Exercise:
Starting at the line with "#13386 = EDGE_LOOP", repeat every line exactly until the records end, including the last one.

Segment Start: Provided information

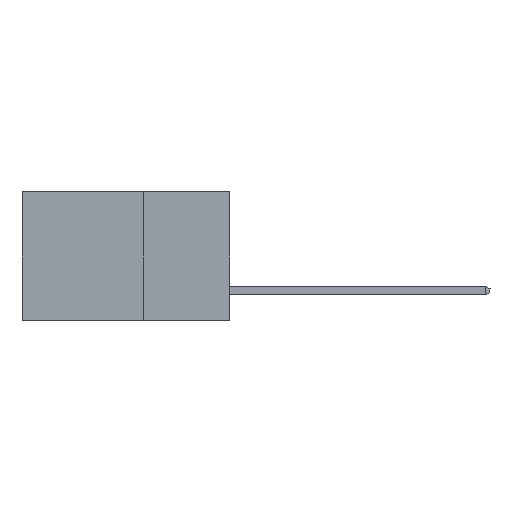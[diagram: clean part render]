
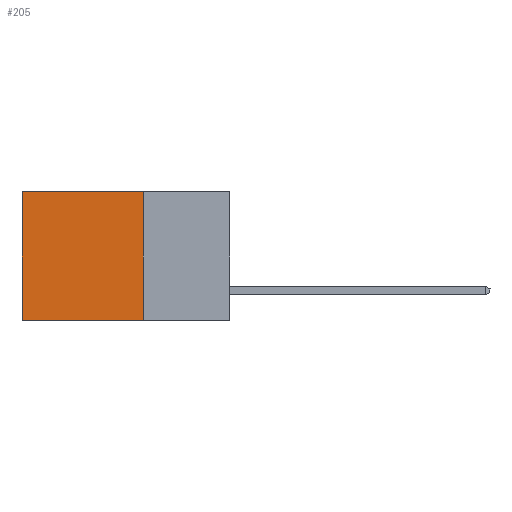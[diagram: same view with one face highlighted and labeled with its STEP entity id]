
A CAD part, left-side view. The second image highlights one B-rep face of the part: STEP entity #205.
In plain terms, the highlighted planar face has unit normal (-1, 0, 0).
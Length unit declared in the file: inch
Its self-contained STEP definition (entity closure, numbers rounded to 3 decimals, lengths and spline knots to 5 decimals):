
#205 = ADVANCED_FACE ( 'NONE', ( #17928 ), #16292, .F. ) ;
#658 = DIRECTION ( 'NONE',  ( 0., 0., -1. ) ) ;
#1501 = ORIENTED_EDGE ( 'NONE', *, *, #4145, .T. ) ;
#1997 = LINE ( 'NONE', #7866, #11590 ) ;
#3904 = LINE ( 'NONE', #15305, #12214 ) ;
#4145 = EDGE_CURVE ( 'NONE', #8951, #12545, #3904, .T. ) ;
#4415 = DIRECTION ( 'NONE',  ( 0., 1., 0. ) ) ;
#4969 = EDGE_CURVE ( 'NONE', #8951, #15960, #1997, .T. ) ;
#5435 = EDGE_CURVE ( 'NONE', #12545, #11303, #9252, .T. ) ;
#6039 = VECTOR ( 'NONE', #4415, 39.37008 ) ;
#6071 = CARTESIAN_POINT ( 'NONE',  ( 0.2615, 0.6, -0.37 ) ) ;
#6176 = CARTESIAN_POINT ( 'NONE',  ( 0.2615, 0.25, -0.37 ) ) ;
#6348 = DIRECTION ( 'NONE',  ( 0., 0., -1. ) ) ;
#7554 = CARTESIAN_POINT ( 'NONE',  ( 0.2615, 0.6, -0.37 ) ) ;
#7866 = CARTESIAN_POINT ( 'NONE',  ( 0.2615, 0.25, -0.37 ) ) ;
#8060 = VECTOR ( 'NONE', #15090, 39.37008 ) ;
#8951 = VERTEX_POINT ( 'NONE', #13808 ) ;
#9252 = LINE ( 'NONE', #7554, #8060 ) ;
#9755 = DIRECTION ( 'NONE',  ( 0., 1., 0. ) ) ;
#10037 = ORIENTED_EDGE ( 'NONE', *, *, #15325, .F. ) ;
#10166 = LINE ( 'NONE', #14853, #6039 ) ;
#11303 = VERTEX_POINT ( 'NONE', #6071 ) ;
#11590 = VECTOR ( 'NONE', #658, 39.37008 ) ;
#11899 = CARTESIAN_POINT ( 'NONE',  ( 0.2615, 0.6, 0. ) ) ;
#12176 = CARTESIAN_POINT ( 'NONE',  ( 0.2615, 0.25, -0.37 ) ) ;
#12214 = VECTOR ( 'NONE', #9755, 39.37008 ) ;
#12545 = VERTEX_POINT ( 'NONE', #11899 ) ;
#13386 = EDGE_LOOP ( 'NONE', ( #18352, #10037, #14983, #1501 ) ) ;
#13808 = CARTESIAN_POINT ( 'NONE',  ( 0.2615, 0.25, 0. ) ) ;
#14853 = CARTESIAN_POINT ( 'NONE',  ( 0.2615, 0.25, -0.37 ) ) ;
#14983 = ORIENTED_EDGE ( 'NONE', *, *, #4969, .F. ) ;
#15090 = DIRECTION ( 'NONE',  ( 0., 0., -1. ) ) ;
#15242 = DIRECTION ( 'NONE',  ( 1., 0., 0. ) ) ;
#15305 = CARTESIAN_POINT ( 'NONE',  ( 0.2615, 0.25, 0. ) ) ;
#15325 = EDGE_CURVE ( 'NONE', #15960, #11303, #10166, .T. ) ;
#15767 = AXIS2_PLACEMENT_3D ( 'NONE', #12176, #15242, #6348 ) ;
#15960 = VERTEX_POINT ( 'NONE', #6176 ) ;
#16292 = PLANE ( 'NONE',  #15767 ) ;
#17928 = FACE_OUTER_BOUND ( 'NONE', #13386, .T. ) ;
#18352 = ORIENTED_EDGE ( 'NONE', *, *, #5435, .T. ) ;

Segment End: Provided information

Written answer:
#13386 = EDGE_LOOP ( 'NONE', ( #18352, #10037, #14983, #1501 ) ) ;
#13808 = CARTESIAN_POINT ( 'NONE',  ( 0.2615, 0.25, 0. ) ) ;
#14853 = CARTESIAN_POINT ( 'NONE',  ( 0.2615, 0.25, -0.37 ) ) ;
#14983 = ORIENTED_EDGE ( 'NONE', *, *, #4969, .F. ) ;
#15090 = DIRECTION ( 'NONE',  ( 0., 0., -1. ) ) ;
#15242 = DIRECTION ( 'NONE',  ( 1., 0., 0. ) ) ;
#15305 = CARTESIAN_POINT ( 'NONE',  ( 0.2615, 0.25, 0. ) ) ;
#15325 = EDGE_CURVE ( 'NONE', #15960, #11303, #10166, .T. ) ;
#15767 = AXIS2_PLACEMENT_3D ( 'NONE', #12176, #15242, #6348 ) ;
#15960 = VERTEX_POINT ( 'NONE', #6176 ) ;
#16292 = PLANE ( 'NONE',  #15767 ) ;
#17928 = FACE_OUTER_BOUND ( 'NONE', #13386, .T. ) ;
#18352 = ORIENTED_EDGE ( 'NONE', *, *, #5435, .T. ) ;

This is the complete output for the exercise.